▶ **Work instructions**:
Look for "system openManipulatorWaypointTracking/Waypoint Visuals" in the entries below. Write out that line and all later lines exactly, ending with the final one.

▶ **Dataset items**:
*** Block opens ***

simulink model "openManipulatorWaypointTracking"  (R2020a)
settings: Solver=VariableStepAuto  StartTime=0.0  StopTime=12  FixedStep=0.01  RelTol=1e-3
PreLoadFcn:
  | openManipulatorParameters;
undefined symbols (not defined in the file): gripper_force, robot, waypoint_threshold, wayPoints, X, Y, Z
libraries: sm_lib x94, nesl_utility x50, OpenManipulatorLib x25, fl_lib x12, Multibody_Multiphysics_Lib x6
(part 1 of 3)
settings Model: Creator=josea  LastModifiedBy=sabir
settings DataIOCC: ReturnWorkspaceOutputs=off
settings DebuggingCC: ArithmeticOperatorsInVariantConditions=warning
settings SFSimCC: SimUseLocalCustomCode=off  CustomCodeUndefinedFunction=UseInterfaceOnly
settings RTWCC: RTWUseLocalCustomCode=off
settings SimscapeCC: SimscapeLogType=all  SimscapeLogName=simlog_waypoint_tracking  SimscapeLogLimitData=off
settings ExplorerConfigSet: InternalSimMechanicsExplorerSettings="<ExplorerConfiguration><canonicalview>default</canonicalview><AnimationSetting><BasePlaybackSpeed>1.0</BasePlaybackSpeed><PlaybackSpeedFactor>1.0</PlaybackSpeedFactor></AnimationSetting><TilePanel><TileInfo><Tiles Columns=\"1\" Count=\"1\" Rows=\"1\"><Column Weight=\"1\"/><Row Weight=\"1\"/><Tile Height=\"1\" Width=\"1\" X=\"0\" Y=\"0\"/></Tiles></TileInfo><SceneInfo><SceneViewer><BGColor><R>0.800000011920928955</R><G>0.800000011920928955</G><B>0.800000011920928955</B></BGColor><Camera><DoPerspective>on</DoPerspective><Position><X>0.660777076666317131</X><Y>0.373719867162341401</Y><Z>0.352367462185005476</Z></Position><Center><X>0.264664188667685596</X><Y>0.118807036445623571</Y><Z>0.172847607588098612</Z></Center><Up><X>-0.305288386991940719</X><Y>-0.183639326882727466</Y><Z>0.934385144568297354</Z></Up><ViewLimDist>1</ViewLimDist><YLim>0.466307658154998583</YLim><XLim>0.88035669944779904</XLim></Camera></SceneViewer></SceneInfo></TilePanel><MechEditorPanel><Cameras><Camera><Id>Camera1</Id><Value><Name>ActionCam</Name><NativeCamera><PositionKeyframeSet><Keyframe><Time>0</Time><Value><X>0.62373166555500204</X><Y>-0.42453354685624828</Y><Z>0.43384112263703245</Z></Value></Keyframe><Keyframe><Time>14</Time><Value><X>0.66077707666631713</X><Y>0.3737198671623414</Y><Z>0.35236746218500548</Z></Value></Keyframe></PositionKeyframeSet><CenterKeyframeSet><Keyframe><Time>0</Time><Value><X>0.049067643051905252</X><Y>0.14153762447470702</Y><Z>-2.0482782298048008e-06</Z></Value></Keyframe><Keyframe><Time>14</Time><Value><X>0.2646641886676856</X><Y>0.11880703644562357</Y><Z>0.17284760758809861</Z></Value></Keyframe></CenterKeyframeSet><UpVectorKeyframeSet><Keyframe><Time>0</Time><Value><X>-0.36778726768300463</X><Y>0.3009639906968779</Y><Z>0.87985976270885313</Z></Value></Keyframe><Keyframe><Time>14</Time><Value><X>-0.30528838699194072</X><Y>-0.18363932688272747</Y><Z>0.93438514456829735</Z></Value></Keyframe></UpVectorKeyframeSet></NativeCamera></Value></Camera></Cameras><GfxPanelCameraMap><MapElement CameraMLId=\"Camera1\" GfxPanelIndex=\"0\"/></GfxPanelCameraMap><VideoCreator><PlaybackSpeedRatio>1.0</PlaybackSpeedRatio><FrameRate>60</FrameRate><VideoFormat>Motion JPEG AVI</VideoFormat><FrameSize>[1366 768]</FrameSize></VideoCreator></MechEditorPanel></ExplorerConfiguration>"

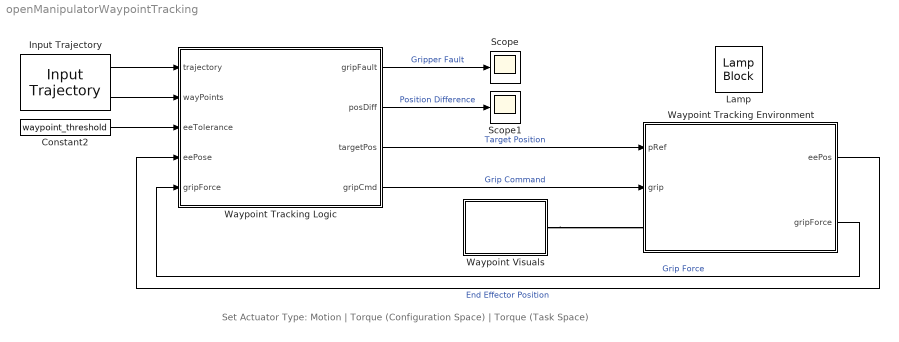
== system openManipulatorWaypointTracking ==
  note: Set Actuator Type: Motion | Torque (Configuration Space) | Torque (Task Space)
  Constant2 : Constant  Value=waypoint_threshold
  Input Trajectory : OpenManipulatorLib/Input Trajectory  numPts=50  scenarioSelection=Simple  trajSelection=Cubic
  Lamp : LampBlock
  Scope : Scope
  Scope1 : Scope
  "Waypoint Tracking Environment " : Subsystem  AncestorBlock=OpenManipulatorLib/Waypoint Tracking Environment  Variant=on  VariantControl=Variant1
      mask Display:
      | image('EnvironmentWaypointsIcon.PNG')
      | actuatorType = evalin('base','actuatorType');
      | if actuatorType == 1
      |    disp('\nMOTION')
      | elseif actuatorType == 2
      |    disp('\nTORQUE (CFG)')
      | else
      |    disp('\nTORQUE (TASK)')
      | end
  Waypoint Tracking Logic : Stateflow chart  TreatAsAtomicUnit=on
      settings: PortSchema="{\"entries\":[{\"content\":{\"sides\":[{\"content\":{\"connectorIds\":[\"In1\",\"In2\",\"In3\",\"In5\",\"In4\"]},\"type\":\"ConnectorPlacement.EquallySpacedRectSide\",\"uuid\":\"f9f3adc1-c5a5-44c6-a1d4-220b349cf5f8\"},{\"content\":{\"connectorIds\":[\"Out1\",\"Out2\",\"Out4\",\"Out3\"],\"side\":\"RIGHT\"},\"type\":\"ConnectorPlacement.EquallySpacedRectSide\",\"uuid\":\"7464d6b4-2eff-4913-ac59-da49b8f27c6f\"},{\"content\":{\"connectorIds\":[],\"side\":\"TOP\"},\"type\":\"ConnectorPlacement.EquallySpacedRectSide\",\"uuid\":\"75bc7a86-7f26-44d5-9f9e-3a119a2c8771\"}]},\"type\":\"ConnectorPlacement.EquallySpacedConnector\",\"uuid\":\"c1c5a5c7-07eb-43c1-941a-aa9e6764dbfb\"}],\"packageUris\":[\"http://schema.mathworks.com/mf0/Connector/19700101\"],\"version\":\"1.0\"}"
  Waypoint Visuals : Subsystem  mask(Waypoint and Trajectory Visualization){spherePoints=wayPoints, sphereRadius=0.01, sphereColor=[0 0.5 1], splinePoints=eePositions', splineColor=[1 0 1]}
      mask prompts: spherePoints "Sphere Positions"; sphereRadius "Sphere Radius"; sphereColor "Sphere Color"; splinePoints "Trajectory Points"; splineColor "Trajectory Color"
      mask help:
      | This dynamic subsystem places spheres on the desired waypoints and visualizes a pre-computed trajectory as a 3D spline
      |
      | Sphere Positions and Trajectory Points are both vectors for which the first 3 columns correspond to the (X, Y, Z) coordinates of the waypoints or trajectory points.
      |
      | NOTE: Make sure the library link for the subsystem is broken when copied from the library. Otherwise the mask initialization will not be able to modify the subsystem contents.
      mask init:
      | % This initialization routine deletes everything within the mask except the
      | % inport and then rebuilds the subsystem with updated information from the
      | % mask parameters
      | 
      | subsystem = gcb;
      | blocks = find_system(subsystem,'LookUnderMasks','all');
      | 
      | % Delete all previous blocks except the inport
      | for idx = 2:length(blocks)-1
      |     delete_block(blocks{idx})
      | end
      | 
      | % Delete all signals
      | while ~isempty(find_system(subsystem,'LookUnderMasks','all','FindAll','on','type','line'))
      |     lines = find_system(subsystem,'LookUnderMasks','all','FindAll','on','type','line');
      |     delete_line(lines(1))
      | end
      | 
      | %%
      | pos1 = [140 100 180 140];
      | pos2 = [140 170 180 210];
      | 
      | set_param(strcat(subsystem,'/W'),'position',[140 60 180 80])
      | 
      | % Add spline to visualize trajectory
      | add_block('sm_lib/Curves and Surfaces/Spline',strcat(subsystem,'/Trajectory Spline'));
      | set_param(strcat(subsystem,'/Trajectory Spline'),'position',pos1,'Orientation','left');
      | set_param(strcat(subsystem,'/Trajectory Spline'),'DataPoints','splinePoints','EndCOnditionType','Natural','GraphicDiffuseColor','splineColor');
      | add_line(subsystem,strcat('W','/RConn1'),strcat('Trajectory Spline','/Lconn1'));
      | 
      | % Add waypoint sphere visuals
      | for idx = 1:size(spherePoints,1)
      |     pos1 = pos1 + [60 0 60 0];
      |     pos2 = pos2 + [60 0 60 0];
      |     
      |     % Add coordinate transform and set parameters
      |     add_block('sm_lib/Frames and Transforms/Rigid Transform',strcat(subsystem,'/Rigid Transform',num2str(idx)));
      |     set_param(strcat(subsystem,'/Rigid Transform',num2str(idx)),'position',pos1,'Orientation','down');
      |     set_param(strcat(subsystem,'/Rigid Transform',num2str(idx)),'TranslationMethod','Cartesian','TranslationCartesianOffset',strcat('[',num2str(spherePoints(idx,1:3)),']'));
      |     add_line(subsystem,strcat('W','/RConn1'),strcat('Rigid Transform',num2str(idx),'/Lconn1'));
      |     
      |     % Add sphere and set parameters
      |     add_block('sm_lib/Body Elements/Spherical Solid',strcat(subsystem,'/Sphere',num2str(idx)))
      |     set_param(strcat(subsystem,'/Sphere',num2str(idx)),'position',pos2,'GraphicDiffuseColor','sphereColor','SphereRadius','sphereRadius')
      |     add_line(subsystem,strcat('Rigid Transform',num2str(idx),'/Rconn1'),strcat('Sphere',num2str(idx),'/RConn1'));
      |    
      | end
      settings: CopyFcn=set_param(gcb,'LinkStatus','breakWithoutHierarchy');
      mask DialogControl ParameterGroupVar Prompt: Sphere Parameters
      mask DialogControl Container3 Prompt: Spline Parameters
      mask Display: image('wayPointsIcon.png')
  wires:
  Input Trajectory/1 -> Waypoint Tracking Logic/1(trajectory)
  Constant2/1 -> Waypoint Tracking Logic/3(eeTolerance)
  Input Trajectory/2 -> Waypoint Tracking Logic/2(wayPoints)
  Waypoint Tracking Logic/4(targetPos) -> "Waypoint Tracking Environment "/1("pRef ")  "Target Position"
  Waypoint Tracking Logic/3(gripCmd) -> "Waypoint Tracking Environment "/2(grip)  "Grip Command"
  Waypoint Tracking Logic/2(posDiff) -> Scope1/1  "Position Difference"
  "Waypoint Tracking Environment "/1(eePos) -> Waypoint Tracking Logic/5(eePose)  "End Effector Position"
  "Waypoint Tracking Environment "/2(" gripForce") -> Waypoint Tracking Logic/4(gripForce)  "Grip Force"
  Waypoint Tracking Logic/1(gripFault) -> Scope/1  "Gripper Fault"
  connections:
  Waypoint Visuals/LConn1 -- "Waypoint Tracking Environment "/LConn1

== system openManipulatorWaypointTracking/Waypoint Tracking Environment  ==
  "pRef " : Inport
  grip : Inport  Port=2
  Motion Actuated : Subsystem  VariantControl=actuatorType==1
      mask Display: image('EnvironmentWaypointsIcon.PNG')
  Torque Actuated (Configuration Space Controller) : Subsystem  VariantControl=actuatorType==2
      mask Display: image('EnvironmentWaypointsIcon.PNG')
  Torque Actuated (Task Space Controller) : Subsystem  VariantControl=actuatorType==3
      mask Display: image('EnvironmentWaypointsIcon.PNG')
  W : PMIOPort  Side=Left
  eePos : Outport  VectorParamsAs1DForOutWhenUnconnected=off
  " gripForce" : Outport  Port=2  VectorParamsAs1DForOutWhenUnconnected=off

== system openManipulatorWaypointTracking/Waypoint Tracking Logic/saturateEE ==
  note: Saturates end effector pose based on motion limits
  desiredEE : Inport  OutDataTypeStr=double  PortDimensions=3
  f : TriggerPort  TriggerType=function-call  VariantControl=(inherit)
      settings: CopyFcn=Stateflow.SLINSF.SimulinkMan.removeBlockPreDeleteFcn  PreDeleteFcn=Stateflow.SLINSF.SimulinkMan.unsafePredeleteFcn
  Range Saturation : Subsystem  mask(End Effector Range Saturation){xUpper=0.3, xLower=0, yUpper=0.3, yLower=-0.3, zUpper=0.28, zLower=0.02}
      mask prompts: xUpper "Max X position"; xLower "Min X position"; yUpper "Max Y position"; yLower "Min Y position"; zUpper "Max Z position"; zLower "Min Z position"
      mask help: This subsystem saturates the end effector position to those within the allowable ranges for the manipulator. This prevents the inverse kinematics algorithms from attempting to find inexistent solution that timeout.
  Signal Conversion : SignalConversion  OverrideOpt=off
  maxEE : Outport  VectorParamsAs1DForOutWhenUnconnected=off
  wires:
  desiredEE/1 -> Range Saturation/1(Desired EE Pose)
  Range Saturation/1(Max EE Pose) -> Signal Conversion/1
  Signal Conversion/1 -> maxEE/1

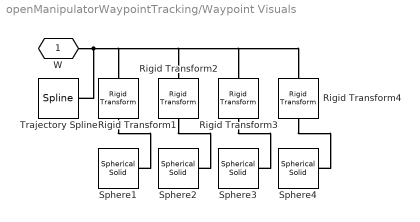
== system openManipulatorWaypointTracking/Waypoint Visuals ==
  Rigid Transform1 : sm_lib/Frames and Transforms/Rigid Transform  TranslationMethod=Cartesian  TranslationStandardOffset=0  TranslationLengthUnit=m  TranslationStandardAxis=+Z  TranslationCartesianOffset="[0.2        -0.2        0.15]"  TranslationROffset=0  TranslationROffsetUnits=m  TranslationZOffset=0  TranslationZOffsetUnits=m  TranslationThetaOffset=0  TranslationThetaOffsetUnits=deg  RotationMethod=None  RotationAngleUnits=deg  RotationStandardAxis=+Z  RotationAngle=0.0  RotationArbitraryAxis=[0 0 1]  FollAlignAxisA=+X  BaseAlignAxisA=+Y  FollAlignAxisB=+Y  BaseAlignAxisB=+Z  RotationSequenceAxes=FollowerAxes  RotationSequence=XYX  RotationSequenceAngles=[0 0 0]  RotationSequenceAnglesUnits=deg  RotationMatrix=[1 0 0; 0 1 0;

*** Block closes ***

▶ **Problem solution**:
== system openManipulatorWaypointTracking/Waypoint Visuals ==
  Rigid Transform1 : sm_lib/Frames and Transforms/Rigid Transform  TranslationMethod=Cartesian  TranslationStandardOffset=0  TranslationLengthUnit=m  TranslationStandardAxis=+Z  TranslationCartesianOffset="[0.2        -0.2        0.15]"  TranslationROffset=0  TranslationROffsetUnits=m  TranslationZOffset=0  TranslationZOffsetUnits=m  TranslationThetaOffset=0  TranslationThetaOffsetUnits=deg  RotationMethod=None  RotationAngleUnits=deg  RotationStandardAxis=+Z  RotationAngle=0.0  RotationArbitraryAxis=[0 0 1]  FollAlignAxisA=+X  BaseAlignAxisA=+Y  FollAlignAxisB=+Y  BaseAlignAxisB=+Z  RotationSequenceAxes=FollowerAxes  RotationSequence=XYX  RotationSequenceAngles=[0 0 0]  RotationSequenceAnglesUnits=deg  RotationMatrix=[1 0 0; 0 1 0;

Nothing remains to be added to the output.